Adding the ability to create a .npmrc file using JFrog CLI for smoother integration with GitHub Actions.

[ashrithacjfrog]

Problem statement: When setting up GitHub Actions for continuous integration and deployment, there's currently no straightforward way to generate a .npmrc file using JFrog CLI other that using the curl command “-uadmin: http://<ARTIFACTORY_SERVER_DOMAIN>:8081/artifactory/api/npm/auth” .

Looking for an option to integrate GitHub with JFrog using OpenID Connect without requiring any user credentials on GitHub.

Feature Description: The goal is to allow developers to easily create the .npmrc file they need for accessing npm packages through JFrog Artifactory using JFrog CLI.

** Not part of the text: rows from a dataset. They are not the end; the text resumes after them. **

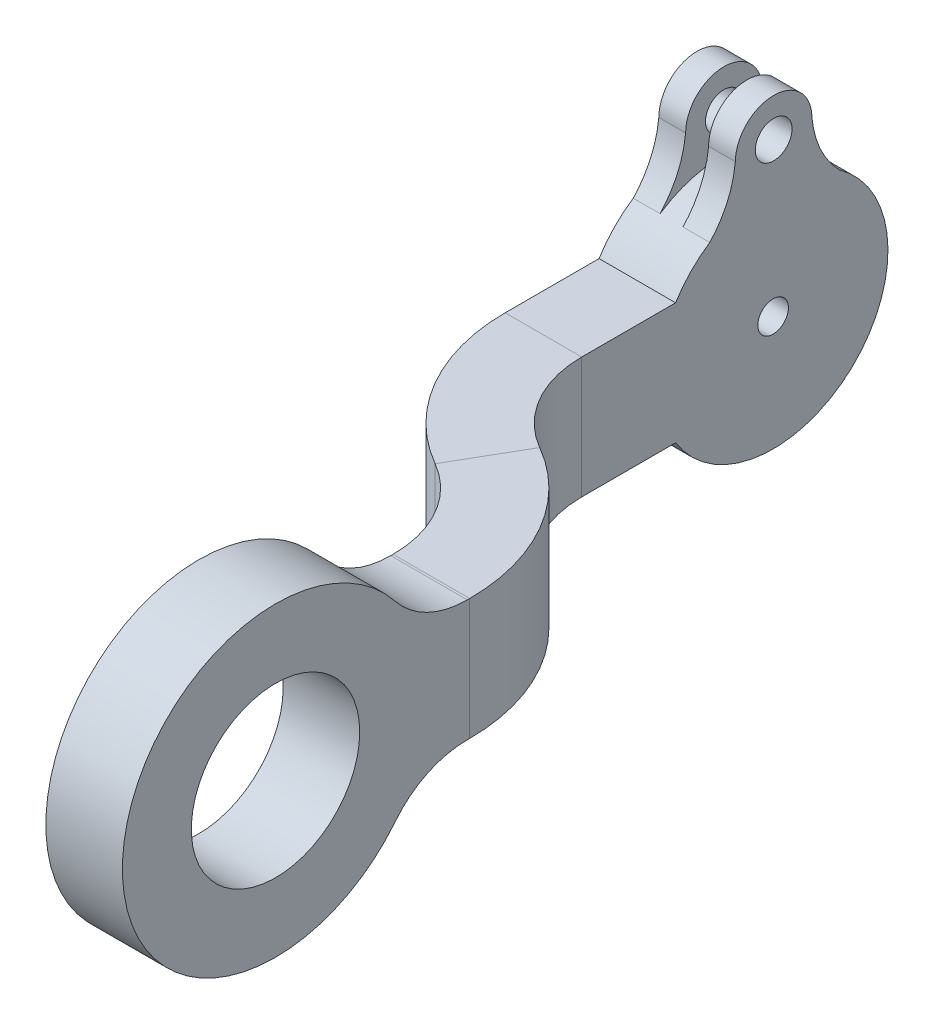
SolidWorks part; units mm, degrees
material "Resina de melamina"
ref_plane "Alzado" through (0, 0, 0) normal (0, 0, 1) x (1, 0, 0)
ref_plane "Planta" through (0, 0, 0) normal (0, 1, 0) x (1, 0, 0)
ref_plane "Vista lateral" through (0, 0, 0) normal (1, 0, 0) x (0, 0, -1)
sketch "Croquis1" plane through (0, 0, 0) normal (0, 1, 0) x (1, 0, 0)
  line L0 (0, 0) -> (0, 60) construction
  line L1 (0, 60) -> (-20, 60) construction
  line L2 (-20, 60) -> (-20, 85) construction
  line L3 (0, 15) -> (-20, 25.359) construction
  line L4 (-20, 85) -> (-20, 60)
  line L5 (0, 25.359) -> (0, 0)
  arc A0 (-20, 60) -> (-10, 42.6795) centre (0, 60) ccw
  arc A1 (0, 25.359) -> (-10, 42.6795) centre (-20, 25.359) ccw
  dimension "D4" = 20
  dimension "D1" = 60
  dimension "D2" = 25
  dimension "D3" = 20
sketch "Croquis2" plane through (0, 0, 0) normal (0, 0, 1) x (1, 0, 0)
  line L1 (5, -7.9175) -> (-5, -7.9175)
  line L2 (5, -7.9175) -> (5, 7.9175)
  line L3 (5, 7.9175) -> (-5, 7.9175)
  line L4 (-5, -7.9175) -> (-5, 7.9175)
  line L5 (5, -7.9175) -> (-5, 7.9175) construction
  line L6 (5, 7.9175) -> (-5, -7.9175) construction
  point P0 (0, 0)
  dimension "D1" = 10
sweep "Barrer1" add profiles "Croquis2" path "Croquis1"
sketch "Croquis4" plane through (-15, 0, 0) normal (1, 0, 0) x (0, 0, -1)
  line L1 (85, -7.9175) -> (85, 7.9175) construction
  circle A0 centre (85, 0) radius 15
  dimension "D2" = 30
extrude "Saliente-Extruir1" add sketch "Croquis4" against normal blind 10
sketch "Croquis5" plane through (5, 0, 0) normal (1, 0, 0) x (0, 0, -1)
  circle A0 centre (0, 0) radius 20
  dimension "D1" = 40
extrude "Saliente-Extruir2" add sketch "Croquis5" against normal blind 10
sketch "Croquis6" plane through (-15, 0, 0) normal (1, 0, 0) x (0, 0, -1)
  line L0 (60, 0) -> (85, 0) construction
  circle A0 centre (85, 0) radius 2
  dimension "D1" = 4
sketch "Croquis7" plane through (5, 0, 0) normal (1, 0, 0) x (0, 0, -1)
  circle A0 centre (0, 0) radius 11
  dimension "D1" = 22
ref_plane "Plano1" through (-15, 0, 0) normal (1, 0, 0) x (0, 0, -1)
sketch "Croquis12" plane through (-15, 0, 0) normal (1, 0, 0) x (0, 0, -1)
  line L0 (85.0685, -0.0274) -> (85.0685, 24.9726) construction
  line L1 (85.0685, 24.9726) -> (85.0685, 19.9726) construction
  line L2 (85.0685, 24.9726) -> (85.0685, 14.9726) construction
  arc A0 (90.0685, 19.9726) -> (80.0685, 19.9726) centre (85.0685, 19.9726) ccw
  arc A1 (94.2885, 11.6439) -> (75.8485, 11.6439) centre (85.0685, -0.0274) ccw
  spline S0 degree 2 poles (80.0685, 19.9726) (79.5667, 15.0283) (75.8485, 11.6439) knots 0 0 0 1 1 1
  spline S1 degree 2 poles (90.0685, 19.9726) (90.5703, 15.0283) (94.2885, 11.6439) knots 0 0 0 1 1 1
  dimension "D1" = 25
  dimension "D2" = 5
extrude "Saliente-Extruir5" add sketch "Croquis12" against normal blind 3.5
ref_plane "Plano2" through (-20, 0, 0) normal (1, 0, 0) x (0, 0, -1)
mirror "Simetría1" about plane through (-20, 0, 0) normal (1, 0, 0) of "Saliente-Extruir5"
sketch "Croquis13" plane through (-15, 0, 0) normal (1, 0, 0) x (0, 0, -1)
  circle A0 centre (85.0685, 19.9726) radius 2.4
  dimension "D1" = 4.8
extrude "Cortar-Extruir1" cut sketch "Croquis13" against normal blind 10
extrude "Cortar-Extruir3" cut sketch "Croquis7" against normal blind 10
fillet "Redondeo2" radius 12 1 edges at (0, 7.9175, -18.3661) type face fillet first side face at (0, 7.9175, -21.8625) second side face at (0, 0, 0.8169)
fillet "Redondeo3" radius 12 1 edges at (0, -7.9175, -18.3661) type face fillet first side face at (0, -7.9175, -21.8625) second side face at (0, -0.1875, 1.4075)
sketch "Croquis14" plane through (-25, 0, 0) normal (-1, 0, 0) x (0, 0, 1)
  circle A0 centre (-85, 0) radius 11.5
  dimension "D1" = 23
extrude "Cortar-Extruir4" cut sketch "Croquis14" against normal blind 5.5
extrude "Cortar-Extruir5" cut sketch "Croquis6" against normal blind 6 contours A0
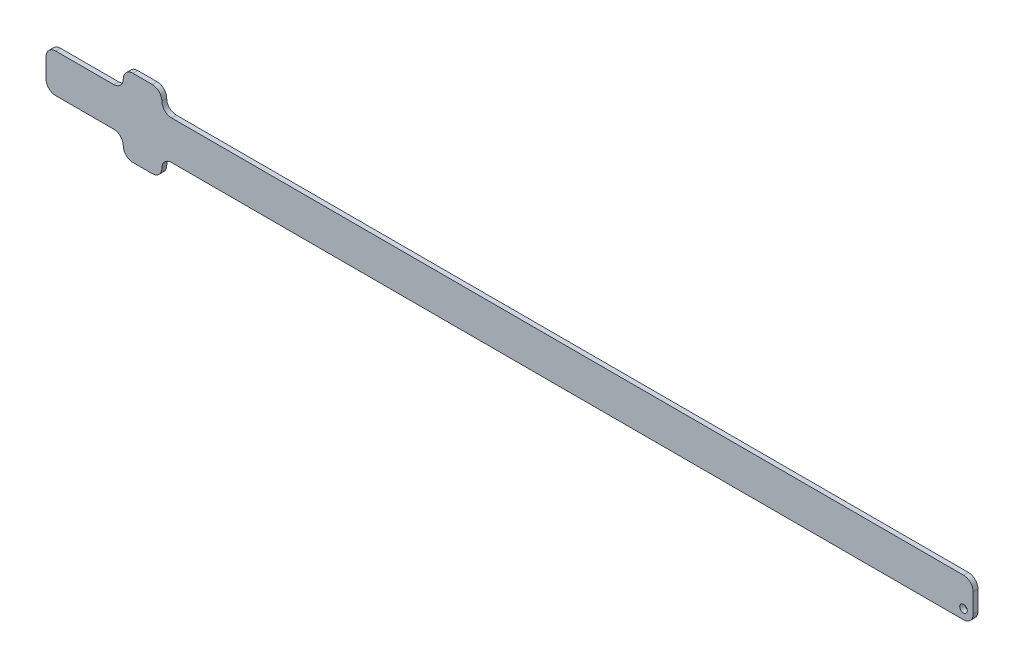
SolidWorks part; units mm, degrees
ref_plane "Front Plane" through (0, 0, 0) normal (0, 0, 1) x (1, 0, 0)
ref_plane "Top Plane" through (0, 0, 0) normal (0, 1, 0) x (1, 0, 0)
ref_plane "Right Plane" through (0, 0, 0) normal (1, 0, 0) x (0, 0, -1)
sketch "Sketch1" plane through (0, 0, 0) normal (0, 0, 1) x (1, 0, 0)
  line L0 (50.8, 0) -> (50.8, -12.7)
  line L1 (0, 0) -> (609.6, 0)
  line L2 (0, 0) -> (0, 25.4)
  line L3 (0, 25.4) -> (609.6, 25.4)
  line L4 (609.6, 0) -> (609.6, 25.4)
  line L5 (50.8, 38.1) -> (76.2, 38.1)
  line L6 (76.2, 38.1) -> (76.2, 25.4)
  line L7 (50.8, 38.1) -> (50.8, 25.4)
  line L8 (76.2, 0) -> (76.2, -12.7)
  line L9 (76.2, -12.7) -> (50.8, -12.7)
  line L11 (609.6, 10.0162) -> (603.25, 13.6823) construction
  line L12 (603.25, 13.6823) -> (596.9, 10.0162) construction
  line L13 (596.9, 10.0162) -> (596.9, 2.6838) construction
  line L14 (596.9, 2.6838) -> (603.25, -0.9823) construction
  line L15 (603.25, -0.9823) -> (609.6, 2.6838) construction
  line L16 (609.6, 2.6838) -> (609.6, 10.0162) construction
  circle A0 centre (603.25, 6.35) radius 2.4892
  circle A1 centre (603.25, 6.35) radius 6.35 construction
  dimension "D5" = 4.9784
  dimension "D6" = 12.7
  dimension "D7" = 12.7
  dimension "D1" = 609.6
  dimension "D2" = 25.4
  dimension "D3" = 25.4
  dimension "D4" = 50.8
extrude "Boss-Extrude1" add sketch "Sketch1" along normal blind 3.175 contours L6 L5 L3 | L1 L4 L3 L2 A0 | L9 L8 L1 region at (63.5, -6.35, 0) region at (304.4243, 12.708, 0) region at (63.5, 31.75, 0)
fillet "Fillet2" radius 6.35 12 edges at (76.2, 38.1, 1.5875) (76.2, 25.4, 1.5875) (609.6, 25.4, 1.5875) (609.6, 0, 1.5875) (76.2, 0, 1.5875) (76.2, -12.7, 1.5875) (50.8, -12.7, 1.5875) (50.8, 0, 1.5875) (0, 0, 1.5875) (50.8, 38.1, 1.5875) (50.8, 25.4, 1.5875) (0, 25.4, 1.5875)
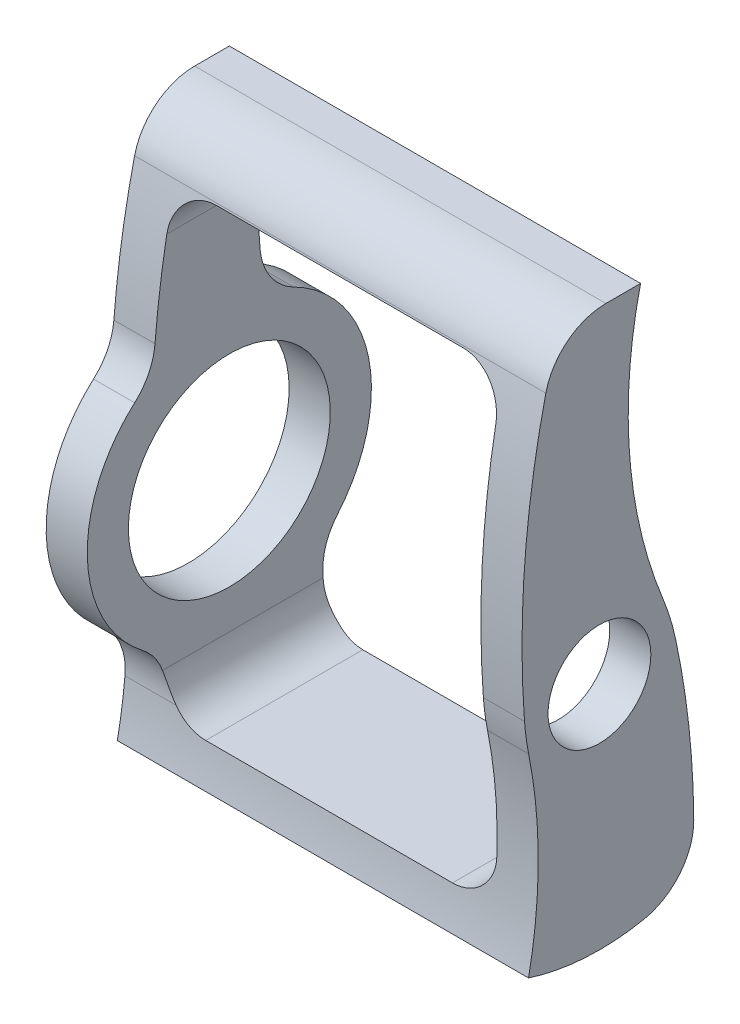
SolidWorks part; units mm, degrees
other "Markup2"
sketch "Sketch9" plane through (31.75, 50.4016, 20.35) normal (0.8402, 0.4575, 0.2911) x (0.3274, 0, -0.9449)
material "AISI 4340 Steel, normalized"
ref_plane "Front Plane" through (0, 0, 0) normal (0, 0, 1) x (1, 0, 0)
ref_plane "Top Plane" through (0, 0, 0) normal (0, 1, 0) x (1, 0, 0)
ref_plane "Right Plane" through (0, 0, 0) normal (1, 0, 0) x (0, 0, -1)
other "Center of Mass"
sketch "Weapon Layout" plane through (0, 0, 0) normal (1, 0, 0) x (0, 0, -1)
  line L0 (-6.35, 50.4016) -> (6.35, 50.4016) construction
  line L1 (-10.9443, -33.834) -> (14.4209, -32.5046) construction
  line L2 (6.35, 50.4016) -> (-5.4537, 0) construction
  line L3 (6.35, 50.4016) -> (0, 0) construction
  line L4 (0, 0) -> (0, -33.2604) construction
  circle A0 centre (0, 0) radius 14 construction
  circle A1 centre (0, 0) radius 50.8 construction
  circle A2 centre (0, 0) radius 17.175 construction
  circle A3 centre (0, 0) radius 20.35 construction
  arc A4 (-6.35, 50.4016) -> (-20.35, 0) centre (77.3756, 0) ccw construction
  arc A5 (23.3803, -26.7932) -> (-23.7089, -26.5029) centre (0, 0) cw construction
  arc A6 (6.35, 50.4016) -> (15.4347, 13.2625) centre (47.4536, 40.7754) ccw construction
  dimension "D1" = 28
  dimension "D2" = 101.6
  dimension "D3" = 3.175
  dimension "D4" = 6.35
  dimension "D5" = 12.7
  dimension "D7" = 6
  dimension "D6" = 15.24
  dimension "D8" = 25.4
  dimension "D9" = 87
sketch "Sketch2" plane through (0, 0, 0) normal (1, 0, 0) x (0, 0, -1)
  line L0 (-6.35, 50.4016) -> (6.35, 50.4016)
  line L1 (-11.3249, -1.5462) -> (0, 0) construction
  line L2 (6.35, 50.4016) -> (-5.4537, 0) construction
  line L3 (-11.5714, 0.7977) -> (-15.24, 50.4016) construction
  arc A0 (-10.9443, -33.834) -> (14.4209, -32.5046) centre (0, 0) ccw
  arc A1 (-23.7089, -26.5029) -> (23.3803, -26.7932) centre (0, 0) ccw construction
  arc A2 (-10.934, -3.8704) -> (-11.5714, 0.7977) centre (26.4248, 3.6078) cw
  arc A3 (9.7952, 6.5275) -> (11.7704, 0.1087) centre (-25.4904, -7.8439) cw
  arc A4 (-11.5714, 0.7977) -> (-6.35, 50.4016) centre (128.3504, 11.1461) cw
  arc A5 (-10.934, -3.8704) -> (-10.9443, -33.834) centre (-85.6518, -18.8267) cw
  arc A6 (6.35, 50.4016) -> (9.7952, 6.5275) centre (76.9323, 33.8717) ccw
  arc A7 (11.7704, 0.1087) -> (14.4209, -32.5046) centre (-112.4323, -26.3999) cw
  circle A9 centre (0, 0) radius 11.43 construction
  point P25 (10.9245, 3.3617)
  dimension "D1" = 127
  dimension "D2" = 38.1
  dimension "D3" = 76.2
  dimension "D4" = 38.1
  dimension "D5" = 22.86
  dimension "D6" = 8.89
extrude "Boss-Extrude2" add sketch "Sketch2" along normal mid plane 63.5
sketch "Sketch3" plane through (0, 0, 0) normal (0, 0, 1) x (1, 0, 0)
  line L0 (31.75, 50.4016) -> (-31.75, 50.4016) construction
  line L1 (-25.4, 42.7816) -> (25.4, 42.7816)
  line L2 (-25.4, 42.7816) -> (-25.4, -27.94)
  line L3 (-25.4, -27.94) -> (25.4, -27.94)
  line L4 (25.4, 42.7816) -> (25.4, -27.94)
  line L6 (-31.75, -35.56) -> (31.75, -35.56) construction
  line L7 (-31.75, 50.4016) -> (-31.75, 0.7977) construction
  dimension "D1" = 7.62
  dimension "D3" = 6.35
  dimension "D4" = 7.62
  dimension "D2" = 6.35
extrude "Cut-Extrude1" cut sketch "Sketch3" against normal through all both and the other way through all
fillet "Fillet1" radius 6.35 4 edges at (-25.4, 42.7816, 1.6753) (25.4, 42.7816, 1.6753) (25.4, -27.94, -2.2798) (-25.4, -27.94, -2.2798)
fillet "Fillet3" radius 9.525 2 edges at (0, -32.5046, -14.4209) (0, 50.4016, 6.35)
sketch "Sketch5" plane through (31.75, 0, 0) normal (1, 0, 0) x (0, 0, -1)
  circle A0 centre (0, 0) radius 7.9375
  circle A1 centre (0, 0) radius 6.35 construction
  dimension "D1" = 12.7
  dimension "D2" = 1.5875
extrude "Cut-Extrude2" cut sketch "Sketch5" against normal up to next
sketch "Sketch6" plane through (-31.75, 0, 0) normal (-1, 0, 0) x (0, 0, 1)
  circle A0 centre (0, 0) radius 21.9375
  circle A1 centre (0, 0) radius 7.9375 construction
  dimension "D1" = 43.875
extrude "Boss-Extrude3" add sketch "Sketch6" against normal up to surface (6.35 mm away) up to face at (-25.4, 4.1451, 0.3502)
fillet "Fillet2" radius 9.525 4 edges at (-28.575, 18.5193, 11.7597) (-28.575, -19.794, 9.458) (-28.575, -16.7229, -14.1985) (-28.575, 21.2233, -5.5522)
sketch "Sketch7" plane through (-31.75, 0, 0) normal (-1, 0, 0) x (0, 0, 1)
  circle A0 centre (0, 0) radius 15.5875
  arc A2 (13.424, -17.3508) -> (14.6231, 16.353) centre (0, 0) ccw construction
  dimension "D1" = 31.175
extrude "Cut-Extrude3" cut sketch "Sketch7" against normal up to next
equation "\"D1@Weapon Layout\" = 28mm"
equation "\"D1@Sketch6\"=28mm+1/2in+1/8in"
equation "\"D1@Sketch7\"=28mm +1/8"
equation "\"D2@Sketch3\"=\"D3@Sketch3\""
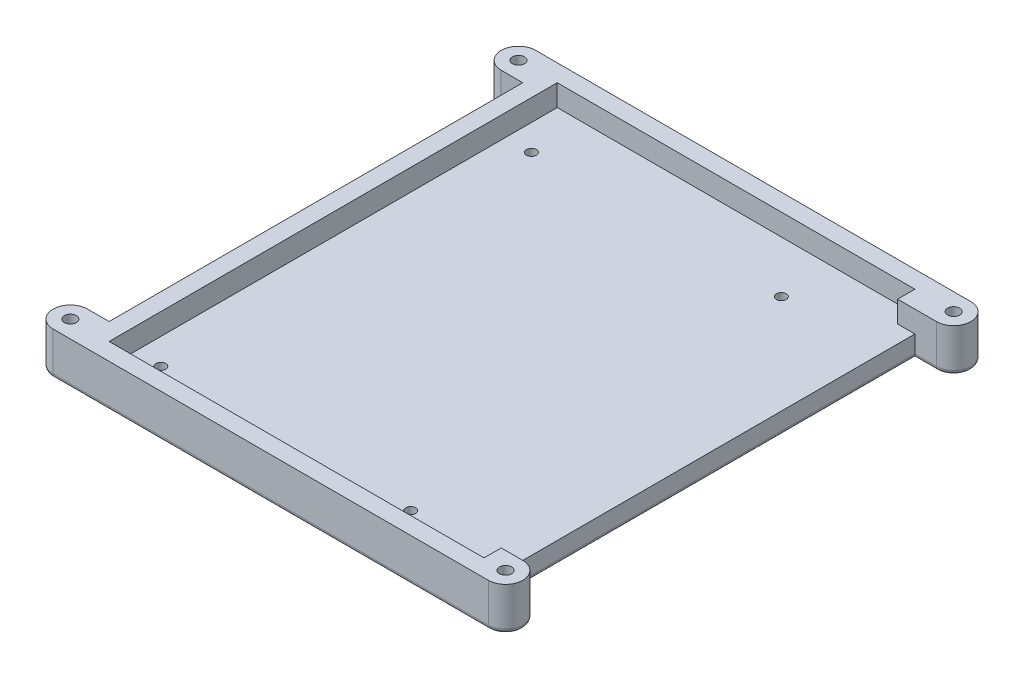
SolidWorks part; units mm, degrees
ref_plane "Front Plane" through (0, 0, 0) normal (0, 0, 1) x (1, 0, 0)
ref_plane "Top Plane" through (0, 0, 0) normal (0, 1, 0) x (1, 0, 0)
ref_plane "Right Plane" through (0, 0, 0) normal (1, 0, 0) x (0, 0, -1)
sketch "Sketch1" plane through (0, 0, 0) normal (0, 1, 0) x (1, 0, 0)
  line L0 (0, 56) -> (0, -56) construction
  line L1 (-39.5, 50) -> (39.5, 50) construction
  line L2 (-39.5, 50) -> (-39.5, -50) construction
  line L3 (-39.5, -50) -> (39.5, -50) construction
  line L4 (39.5, 50) -> (39.5, -50) construction
  line L5 (-45.5, 56) -> (45.5, 56)
  line L6 (-45.5, 56) -> (-45.5, -56)
  line L7 (-45.5, -56) -> (45.5, -56)
  line L8 (45.5, 56) -> (45.5, -56)
  circle A0 centre (-35.5, -46) radius 1.15
  circle A1 centre (22.5, -46) radius 1.15
  circle A2 centre (22.5, 40) radius 1.15
  circle A3 centre (-35.5, 40) radius 1.15
  point P4 (-39.5, 0)
  point P6 (0, 50)
  dimension "D5" = 2.3
  dimension "D6" = 86
  dimension "D7" = 58
  dimension "D8" = 4
  dimension "D9" = 4
  dimension "D1" = 79
  dimension "D2" = 100
  dimension "D3" = 112
  dimension "D4" = 91
extrude "Base" add sketch "Sketch1" along normal blind 10
sketch "Sketch2" plane through (0, 10, 0) normal (0, 1, 0) x (1, 0, 0)
  line L0 (0, 52) -> (0, -52) construction
  line L1 (-41.5, 52) -> (41.5, 52)
  line L2 (-41.5, 52) -> (-41.5, -52)
  line L3 (-41.5, -52) -> (41.5, -52)
  line L4 (41.5, 52) -> (41.5, -52)
  line L5 (-45.5, -56) -> (45.5, -56) construction
  line L6 (-45.5, 56) -> (-45.5, -56) construction
  dimension "D1" = 4
  dimension "D2" = 4
extrude "Module Cutout" cut sketch "Sketch2" against normal blind 5
sketch "Sketch3" plane through (0, 10, 0) normal (0, 1, 0) x (1, 0, 0)
  line L0 (-45.5, 56) -> (-50.5, 56)
  line L1 (-45.5, 56) -> (-45.5, -56) construction
  line L2 (-45.5, 56) -> (-45.5, 48)
  line L3 (-45.5, 48) -> (-50.5, 48)
  line L4 (45.5, 56) -> (-45.5, 56) construction
  line L5 (0, 56) -> (0, -56) construction
  line L6 (-45.5, -56) -> (45.5, -56) construction
  line L7 (45.5, 48) -> (50.5, 48)
  line L8 (45.5, 56) -> (45.5, 48)
  line L9 (45.5, 56) -> (50.5, 56)
  line L10 (-45.5, 0) -> (45.5, 0) construction
  line L11 (45.5, -56) -> (45.5, 56) construction
  line L12 (45.5, -56) -> (50.5, -56)
  line L13 (45.5, -56) -> (45.5, -48)
  line L14 (45.5, -48) -> (50.5, -48)
  line L15 (-45.5, -48) -> (-50.5, -48)
  line L16 (-45.5, -56) -> (-45.5, -48)
  line L17 (-45.5, -56) -> (-50.5, -56)
  arc A0 (-50.5, 48) -> (-50.5, 56) centre (-50.5, 52) cw
  circle A1 centre (-50.5, 52) radius 1.4
  circle A2 centre (50.5, 52) radius 1.4
  arc A3 (50.5, 48) -> (50.5, 56) centre (50.5, 52) ccw
  arc A4 (50.5, -48) -> (50.5, -56) centre (50.5, -52) cw
  circle A5 centre (50.5, -52) radius 1.4
  circle A6 centre (-50.5, -52) radius 1.4
  arc A7 (-50.5, -48) -> (-50.5, -56) centre (-50.5, -52) ccw
  dimension "D1" = 2.8
  dimension "D2" = 8
  dimension "D3" = 5
extrude "Case Assembly Holes" add sketch "Sketch3" against normal up to surface (10 mm away) up to face at (0, 0, 0)
sketch "Sketch5" plane through (0, 10, 0) normal (0, 1, 0) x (1, 0, 0)
  line L0 (41.5, -52) -> (41.5, 52) construction
  line L1 (41.5, 48) -> (45.5, 48)
  line L2 (41.5, 48) -> (41.5, -52)
  line L3 (41.5, -52) -> (45.5, -52)
  line L4 (45.5, 48) -> (45.5, -52)
  line L5 (-41.5, -52) -> (41.5, -52) construction
  line L6 (45.5, -48) -> (45.5, 48) construction
  line L7 (45.5, 48) -> (50.5, 48) construction
extrude "Ports Side Recess" cut sketch "Sketch5" against normal up to surface (5 mm away) up to face at (-35.5, 5, 47.15)
sketch "Sketch4" plane through (0, 0, 0) normal (0, -1, 0) x (1, 0, 0)
  line L0 (0, 25) -> (0, -25) construction
  line L1 (-15, 25) -> (15, 25) construction
  line L2 (-15, 25) -> (-15, -25) construction
  line L3 (-15, -25) -> (15, -25) construction
  line L4 (15, 25) -> (15, -25) construction
  circle A0 centre (-15, 25) radius 1.4
  circle A1 centre (-15, -25) radius 1.4
  circle A2 centre (15, -25) radius 1.4
  circle A3 centre (15, 25) radius 1.4
  point P7 (-15, 0)
  dimension "D3" = 2.8
  dimension "D1" = 30
  dimension "D2" = 50
extrude "Basket Clamp Mounting Holes" cut sketch "Sketch4" against normal blind 4
fillet "1mm Edge Fillets" radius 1 12 edges at (48, 0, 48) (-48, 0, 48) (-54.5, 0, 52) (0, 0, 56) (48, 0, -48) (54.5, 0, -52) (-48, 0, -48) (-54.5, 0, -52) (-45.5, 0, 0) (54.5, 0, 52) (45.5, 0, 0) (0, 0, -56)

Expected Outcome: By implementing this feature, developers will be able to seamlessly create .npmrc files using JFrog CLI within their GitHub Actions workflows (without providing the credentials during the GitHub configuration).

[yahavi]

@ashrithacjfrog
I'm a bit unsure about the requirements. Using OpenID Connect should allow you to access the JFrog platform without needing credentials, so there shouldn't be a need for a new .npmrc file. I suggest checking out this blog post and the Setup JFrog CLI documentation to learn more about the OpenID Connect integration in GitHub Actions.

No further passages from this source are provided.